# NBA Look-Alike Thread



## Kobe8Bryant11 (Jun 30, 2005)

I don't know how to get pictures of players on here, but I do know a few, so if someone could explain to me how to post pictures with my thread, I would greatly appreciate it.

Here are my top 10 NBA look-alikes (in no particular order):

1) Kyle Korver - Ashton Kutcher (Actor)
2) Corey Maggette/Devean George - Xzibit (Rapper) (Host of "Pimp My Ride")
3) Bob Sura - Steven Baldwin (Actor)
4) Chris Mihm - Kramer from "Seinfeld"
5) Brian Grant - Whoopi Goldberg (Comedian/Actor) LOL!!!
6) Wally Sczerbiak - Ben Stiller (Actor)
7) Jermaine O'Neal - AJ from "106 and Park"
8) Kenyon Martin - Method Man (Rapper)
9) Robert Horry - Will Smith (Actor/Comedian/Singer)
10) Rick Carlisle (Pacers Head Coach) - Jim Carrey (Comedian/Actor)

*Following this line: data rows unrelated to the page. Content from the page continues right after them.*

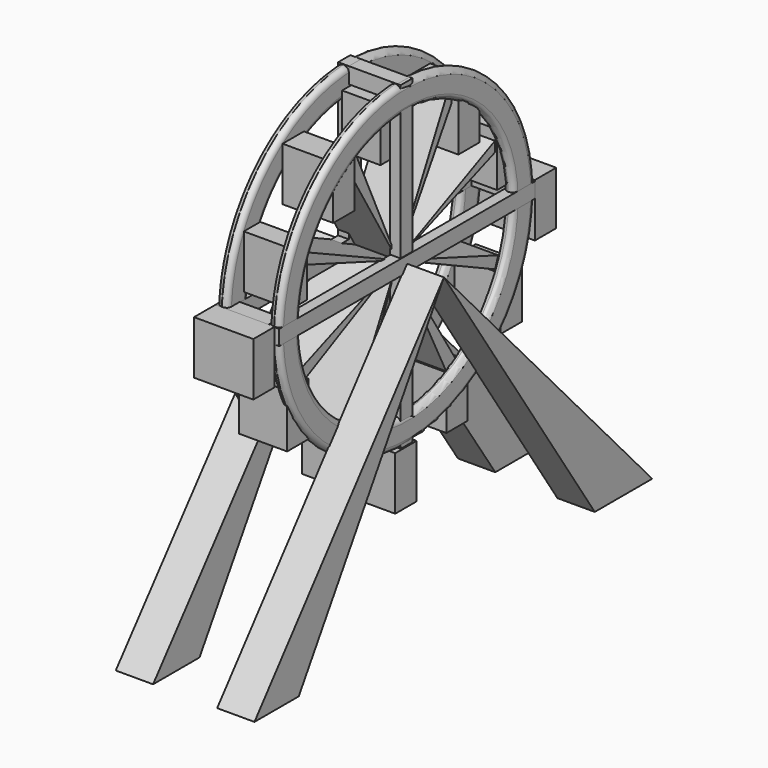
from build123d import *

# Parameters (mm, degrees)
F0_R      = 76.2
F1_DEPTH  = 5.08
F2_R      = 63.5
F3_DEPTH  = 28.448
F8_R      = 2.54
F9_R      = 2.53999
F10_R     = 2.54
F11_R     = 2.53999
F12_R     = 2.53999
F13_W     = 7.2420393117
F13_H     = 152.5342464447
F14_DEPTH = 5.08
F18_W     = 7.2420393117
F18_H     = 7.62
F19_DEPTH = 23.114
F20_W     = 7.2420393117
F20_H     = 7.62
F21_DEPTH = 21.59
F22_W     = 152.4
F22_H     = 7.242048
F23_DEPTH = 5.08
F25_W     = 7.5083374977
F25_H     = 7.5877550989
F26_DEPTH = 25.4
F27_W     = 6.6496804357
F27_H     = 7.1474232245
F28_DEPTH = 25.4
F29_W     = 28.258436572
F29_H     = 25.4
F30_DEPTH = 12.7
F31_W     = 30.48
F31_H     = 25.4
F32_DEPTH = 12.7
F33_W     = 30.3243320611
F33_H     = 12.7
F34_DEPTH = 25.4
F35_W     = 18.2815846842
F35_H     = 12.7
F36_DEPTH = 25.4
F38_DEPTH = 17.78
F40_DEPTH = 17.78
F42_DEPTH = 25.4
F43_W     = 12.7
F43_H     = 25.4
F44_DEPTH = 24.13
F45_W     = 9.7887781068
F45_H     = 25.4
F46_DEPTH = 22.352
F47_W     = 12.7
F47_H     = 25.4
F48_DEPTH = 22.86
F49_W     = 11.4898889749
F49_H     = 25.4
F50_DEPTH = 16.764
F51_W     = 12.7
F51_H     = 25.4
F52_DEPTH = 20.066
F53_W     = 12.7
F53_H     = 25.4
F54_DEPTH = 21.971
F55_W     = 12.7
F55_H     = 25.4
F56_DEPTH = 23.622
F57_W     = 11.43
F57_H     = 25.4
F58_DEPTH = 21.336


# Not quite as in the source:
# - a fillet or chamfer is up to 0.001 mm smaller than in the source, because OpenCascade refuses the exact size


with BuildPart() as f1:
    # F0 (on Right) → F1 (new body)
    with BuildSketch(Plane.YZ):
        Circle(F0_R)
    extrude(amount=F1_DEPTH)

    # F2 (on face) → F3 (cut, symmetric)
    with BuildSketch(Plane.YZ.offset(5.08)):
        Circle(F2_R)
    extrude(amount=F3_DEPTH, both=True, mode=Mode.SUBTRACT)


with BuildPart() as f5_1:
    # F5: copy of F1
    add(f1.part.moved(Location((9.398, 0, 0))))


with BuildPart() as f6_1:
    # F6: copy of F5_1
    add(f5_1.part.moved(Location((15.494, 0, 0))))

    # F12 (radius 2.54 in the source; OpenCascade refuses exactly that, so slightly less here)
    f12_edges = [f6_1.edges().sort_by_distance(p)[0] for p in [
        (24.892, -76.2, 0),
        (24.892, -63.5, 0),
        (29.972, -63.5, 0),
        (29.972, -76.2, 0),
    ]]
    fillet(f12_edges, radius=F12_R)


with BuildPart() as f1_1:
    add(f1.part)

    # F8
    f8_edges = [f1_1.edges().sort_by_distance(p)[0] for p in [
        (0, -76.2, 0),
    ]]
    fillet(f8_edges, radius=F8_R)

    # F9 (radius 2.54 in the source; OpenCascade refuses exactly that, so slightly less here)
    f9_edges = [f1_1.edges().sort_by_distance(p)[0] for p in [
        (5.08, -76.2, 0),
    ]]
    fillet(f9_edges, radius=F9_R)

    # F10
    f10_edges = [f1_1.edges().sort_by_distance(p)[0] for p in [
        (0, -63.5, 0),
    ]]
    fillet(f10_edges, radius=F10_R)

    # F11 (radius 2.54 in the source; OpenCascade refuses exactly that, so slightly less here)
    f11_edges = [f1_1.edges().sort_by_distance(p)[0] for p in [
        (5.08, -63.5, 0),
    ]]
    fillet(f11_edges, radius=F11_R)


with BuildPart() as f14:
    # F13 (on Right) → F14 (new body)
    with BuildSketch(Plane.YZ):
        Rectangle(F13_W, F13_H)
    extrude(amount=F14_DEPTH)


with BuildPart() as f15_1:
    # F15: copy of F14
    add(f14.part.moved(Location((17.018, 0, 0))))


with BuildPart() as f16_1:
    # F16: copy of F15_1
    add(f15_1.part.moved(Location((7.62, 0, 0))))


with BuildPart() as f19:
    # F18 (on face) → F19 (new body)
    with BuildSketch(Plane.YZ.offset(5.08)):
        with Locations((0, 72.4571232224)):
            Rectangle(F18_W, F18_H)
    extrude(amount=F19_DEPTH)

    # F35 (on face) → F36 (join)
    with BuildSketch(Plane(origin=(0, 0, 68.6471232224), x_dir=(1, 0, 0), z_dir=(0, 0, -1))):
        with Locations((15.3832314143, 2.7289803442)):
            Rectangle(F35_W, F35_H)
    extrude(amount=F36_DEPTH)


with BuildPart() as f21:
    # F20 (on face) → F21 (new body)
    with BuildSketch(Plane.YZ.offset(5.08)):
        with Locations((0, -72.4571232224)):
            Rectangle(F20_W, F20_H)
    extrude(amount=F21_DEPTH)


with BuildPart() as f23:
    # F22 (on Right) → F23 (new body)
    with BuildSketch(Plane.YZ):
        Rectangle(F22_W, F22_H)
    extrude(amount=F23_DEPTH)


with BuildPart() as f24_1:
    # F24: copy of F23
    add(f23.part.moved(Location((24.892, 0, 0))))


with BuildPart() as f26:
    # F25 (on face) → F26 (new body)
    with BuildSketch(Plane(origin=(24.892, 0, 0), x_dir=(0, -1, 0), z_dir=(-1, 0, 0))):
        with Locations((72.3730251193, 0.0060452148)):
            Rectangle(F25_W, F25_H)
    extrude(amount=F26_DEPTH)


with BuildPart() as f28:
    # F27 (on face) → F28 (new body)
    with BuildSketch(Plane(origin=(24.892, 0, 0), x_dir=(0, -1, 0), z_dir=(-1, 0, 0))):
        with Locations((-72.7413855493, -0.0455594854)):
            Rectangle(F27_W, F27_H)
    extrude(amount=F28_DEPTH)


with BuildPart() as f30:
    # F29 (on face) → F30 (new body)
    with BuildSketch(Plane.XZ.offset(76.1271938682)):
        with Locations((13.621218286, -8.9000772357)):
            Rectangle(F29_W, F29_H)
    extrude(amount=F30_DEPTH)


with BuildPart() as f32:
    # F31 (on face) → F32 (new body)
    with BuildSketch(Plane(origin=(0, 76.0662257671, 0), x_dir=(-1, 0, 0), z_dir=(0, 1, 0))):
        with Locations((-14.732, -8.4941469923)):
            Rectangle(F31_W, F31_H)
    extrude(amount=F32_DEPTH)


with BuildPart() as f34:
    # F33 (on face) → F34 (new body)
    with BuildSketch(Plane(origin=(0, 0, -76.2671232224), x_dir=(1, 0, 0), z_dir=(0, 0, -1))):
        with Locations((15.1621660306, 1.1962651973)):
            Rectangle(F33_W, F33_H)
    extrude(amount=F34_DEPTH)


with BuildPart() as f38:
    # F37 (on face) → F38 (new body)
    with BuildSketch(Plane.YZ.offset(29.718)):
        Polygon((-86.4798873663, -140.5976116657), (0, 0), (-112.8344163299, -140.5976116657), align=None)
    extrude(amount=F38_DEPTH)


with BuildPart() as f38b:
    # F37 (on face) → F38, piece 2 (new body)
    with BuildSketch(Plane.YZ.offset(29.718)):
        Polygon((124.0512356162, -134.9076479673), (0, 0), (89.8195281625, -134.9076479673), align=None)
    extrude(amount=F38_DEPTH)


with BuildPart() as f40:
    # F39 (on face) → F40 (new body)
    with BuildSketch(Plane.YZ):
        Polygon((122.7524504066, -133.7626874447), (0, 0), (89.9559929967, -133.7626874447), align=None)
    extrude(amount=-F40_DEPTH)


with BuildPart() as f40b:
    # F39 (on face) → F40, piece 2 (new body)
    with BuildSketch(Plane.YZ):
        Polygon((-86.2078368664, -139.8534625769), (0, 0), (-113.850556314, -139.8534625769), align=None)
    extrude(amount=-F40_DEPTH)


with BuildPart() as f42:
    # F41 (on Right) → F42 (new body)
    with BuildSketch(Plane.YZ):
        Polygon((28.9433617145, 56.614741683), (0, 0), (33.1683402025, 54.4547904586), align=None)
    extrude(amount=F42_DEPTH)


with BuildPart() as f42b:
    # F41 (on Right) → F42, piece 2 (new body)
    with BuildSketch(Plane.YZ):
        Polygon((58.0660738051, 26.5383217484), (0, 0), (59.969408968, 22.373808216), align=None)
    extrude(amount=F42_DEPTH)


with BuildPart() as f42c:
    # F41 (on Right) → F42, piece 3 (new body)
    with BuildSketch(Plane.YZ):
        Polygon((-31.9048750725, 53.8588724908), (0, 0), (-25.8750098298, 56.614741683), align=None)
    extrude(amount=F42_DEPTH)


with BuildPart() as f42d:
    # F41 (on Right) → F42, piece 4 (new body)
    with BuildSketch(Plane.YZ):
        Polygon((-58.9155611091, 21.908053265), (0, 0), (-56.7502938211, 26.5383217484), align=None)
    extrude(amount=F42_DEPTH)


with BuildPart() as f42e:
    # F41 (on Right) → F42, piece 5 (new body)
    with BuildSketch(Plane.YZ):
        Polygon((-56.437973012, -28.0128466662), (0, 0), (-58.9155611091, -22.5918628275), align=None)
    extrude(amount=F42_DEPTH)


with BuildPart() as f42f:
    # F41 (on Right) → F42, piece 6 (new body)
    with BuildSketch(Plane.YZ):
        Polygon((-25.578148865, -59.0636329811), (0, 0), (-29.4577805545, -57.6209720592), align=None)
    extrude(amount=F42_DEPTH)


with BuildPart() as f42g:
    # F41 (on Right) → F42, piece 7 (new body)
    with BuildSketch(Plane.YZ):
        Polygon((34.3674241515, -55.0995962899), (0, 0), (28.9433617145, -58.3126979839), align=None)
    extrude(amount=F42_DEPTH)


with BuildPart() as f42h:
    # F41 (on Right) → F42, piece 8 (new body)
    with BuildSketch(Plane.YZ):
        Polygon((59.969408968, -22.299931991), (0, 0), (58.0660738051, -27.4184177709), align=None)
    extrude(amount=F42_DEPTH)


with BuildPart() as f44:
    # F43 (on face) → F44 (new body)
    with BuildSketch(Plane.YZ.offset(5.08)):
        with Locations((-36.7189122477, 47.0567100651)):
            Rectangle(F43_W, F43_H)
    extrude(amount=F44_DEPTH)


with BuildPart() as f46:
    # F45 (on face) → F46 (new body)
    with BuildSketch(Plane.YZ.offset(5.08)):
        with Locations((-61.2684678192, 19.6770284376)):
            Rectangle(F45_W, F45_H)
    extrude(amount=F46_DEPTH)


with BuildPart() as f48:
    # F47 (on face) → F48 (new body)
    with BuildSketch(Plane.YZ.offset(5.08)):
        with Locations((-62.57914298, -38.6724632649)):
            Rectangle(F47_W, F47_H)
    extrude(amount=F48_DEPTH)


with BuildPart() as f50:
    # F49 (on face) → F50 (new body)
    with BuildSketch(Plane.YZ.offset(5.08)):
        with Locations((-25.7132970617, -70.7660024337)):
            Rectangle(F49_W, F49_H)
    extrude(amount=F50_DEPTH)


with BuildPart() as f52:
    # F51 (on face) → F52 (new body)
    with BuildSketch(Plane.YZ.offset(5.08)):
        with Locations((35.7584207724, -71.830587581)):
            Rectangle(F51_W, F51_H)
    extrude(amount=F52_DEPTH)


with BuildPart() as f54:
    # F53 (on face) → F54 (new body)
    with BuildSketch(Plane.YZ.offset(5.08)):
        with Locations((65.6234703966, -41.8193630964)):
            Rectangle(F53_W, F53_H)
    extrude(amount=F54_DEPTH)


with BuildPart() as f56:
    # F55 (on face) → F56 (new body)
    with BuildSketch(Plane.YZ.offset(5.08)):
        with Locations((38.4269728878, 45.0265052671)):
            Rectangle(F55_W, F55_H)
    extrude(amount=F56_DEPTH)


with BuildPart() as f58:
    # F57 (on face) → F58 (new body)
    with BuildSketch(Plane.YZ.offset(5.08)):
        with Locations((63.7174061525, 18.8753460872)):
            Rectangle(F57_W, F57_H)
    extrude(amount=F58_DEPTH)


solid = Compound([f6_1.part, f1_1.part, f14.part, f16_1.part, f19.part, f21.part, f23.part, f24_1.part, f26.part, f28.part, f30.part, f32.part, f34.part, f38.part, f38b.part, f40.part, f40b.part, f42.part, f42b.part, f42c.part, f42d.part, f42e.part, f42f.part, f42g.part, f42h.part, f44.part, f46.part, f48.part, f50.part, f52.part, f54.part, f56.part, f58.part])

My favorite one is Carlisle - Carrey for sure, they look sooooo much alike, yet have TOTALLY DIFFERENT personalities, one is always serious, and the other couldn't be serious if he tried.

So again, if anyone can please tell me how to get their pics on this thing so that I can show you guys how much they really look alike, I would greatly appreciate it, thanks a lot!!


----------



## The_Black_Pinoy (Jul 6, 2005)

Sam Cassell- the Alien from the Alien movies and more recently Alien Vs Predator


----------



## Net4Life (Jul 30, 2005)

The_Black_Pinoy said:


> Sam Cassell- the Alien from the Alien movies and more recently Alien Vs Predator


 :laugh: :laugh: :laugh: :laugh: :laugh: :laugh:


----------



## lolac101 (Jun 23, 2005)

You forgot Horry and Will Smith


----------



## Futurama_Fanatic (Jul 21, 2005)

lolac101 said:


> You forgot Horry and Will Smith


thats my fav one

lol at brian grant and whoopi goldberg


----------



## Sánchez AF (Aug 10, 2003)

Kobe8Bryant11 said:


> 2) Devean George - Xzibit (Rapper) (Host of "Pimp My Ride")


WRONG !!!

Corey Maggete i was more similar to Xzibit


----------



## Kobe8Bryant11 (Jun 30, 2005)

So does ANYBODY know how to place pictures in your posts??


----------



## AUNDRE (Jul 11, 2005)

Sam Cassel = E.T From The Movie......


----------



## reHEATed (Jun 29, 2003)

Jason Williams









Eminem


----------



## Diophantos (Nov 4, 2004)

New Grizzly Eddie Jones...








...and comedian Eddie Murphy??









I can't be the only one that sees it...


----------



## Kobe8Bryant11 (Jun 30, 2005)

How are you guy's putting those pics in your post??? URG!!!


----------



## reHEATed (Jun 29, 2003)

Kobe8Bryant11 said:


> How are you guy's putting those pics in your post??? URG!!!


----------



## Spriggan (Mar 23, 2004)

Corey Maggette *is* Xzibit.


----------



## Futurama_Fanatic (Jul 21, 2005)

corey maggette and x to the zibit


----------



## Futurama_Fanatic (Jul 21, 2005)

ClippersRuleLA said:


> corey maggette and x to the zibit


i dunno why it isnt working


----------



## Pejavlade (Jul 10, 2004)




----------



## Kobe8Bryant11 (Jun 30, 2005)

Spriggan said:


> Corey Maggette *is* Xzibit.


HAHAHAHAHA, omg, you are sooo right, I never realized how much those 2 guys look alike, that is HILARIOS. As for the person who tried to post a link, it doesn't work, so thanks anyway, but seriously, how are all you guys doing that, this is pissin me off now cause I want to show you all how much my list looks alike.


----------



## Futurama_Fanatic (Jul 21, 2005)




----------



## Futurama_Fanatic (Jul 21, 2005)

JO and aj(106 and park)


----------



## Futurama_Fanatic (Jul 21, 2005)




----------



## hobojoe (Jun 20, 2003)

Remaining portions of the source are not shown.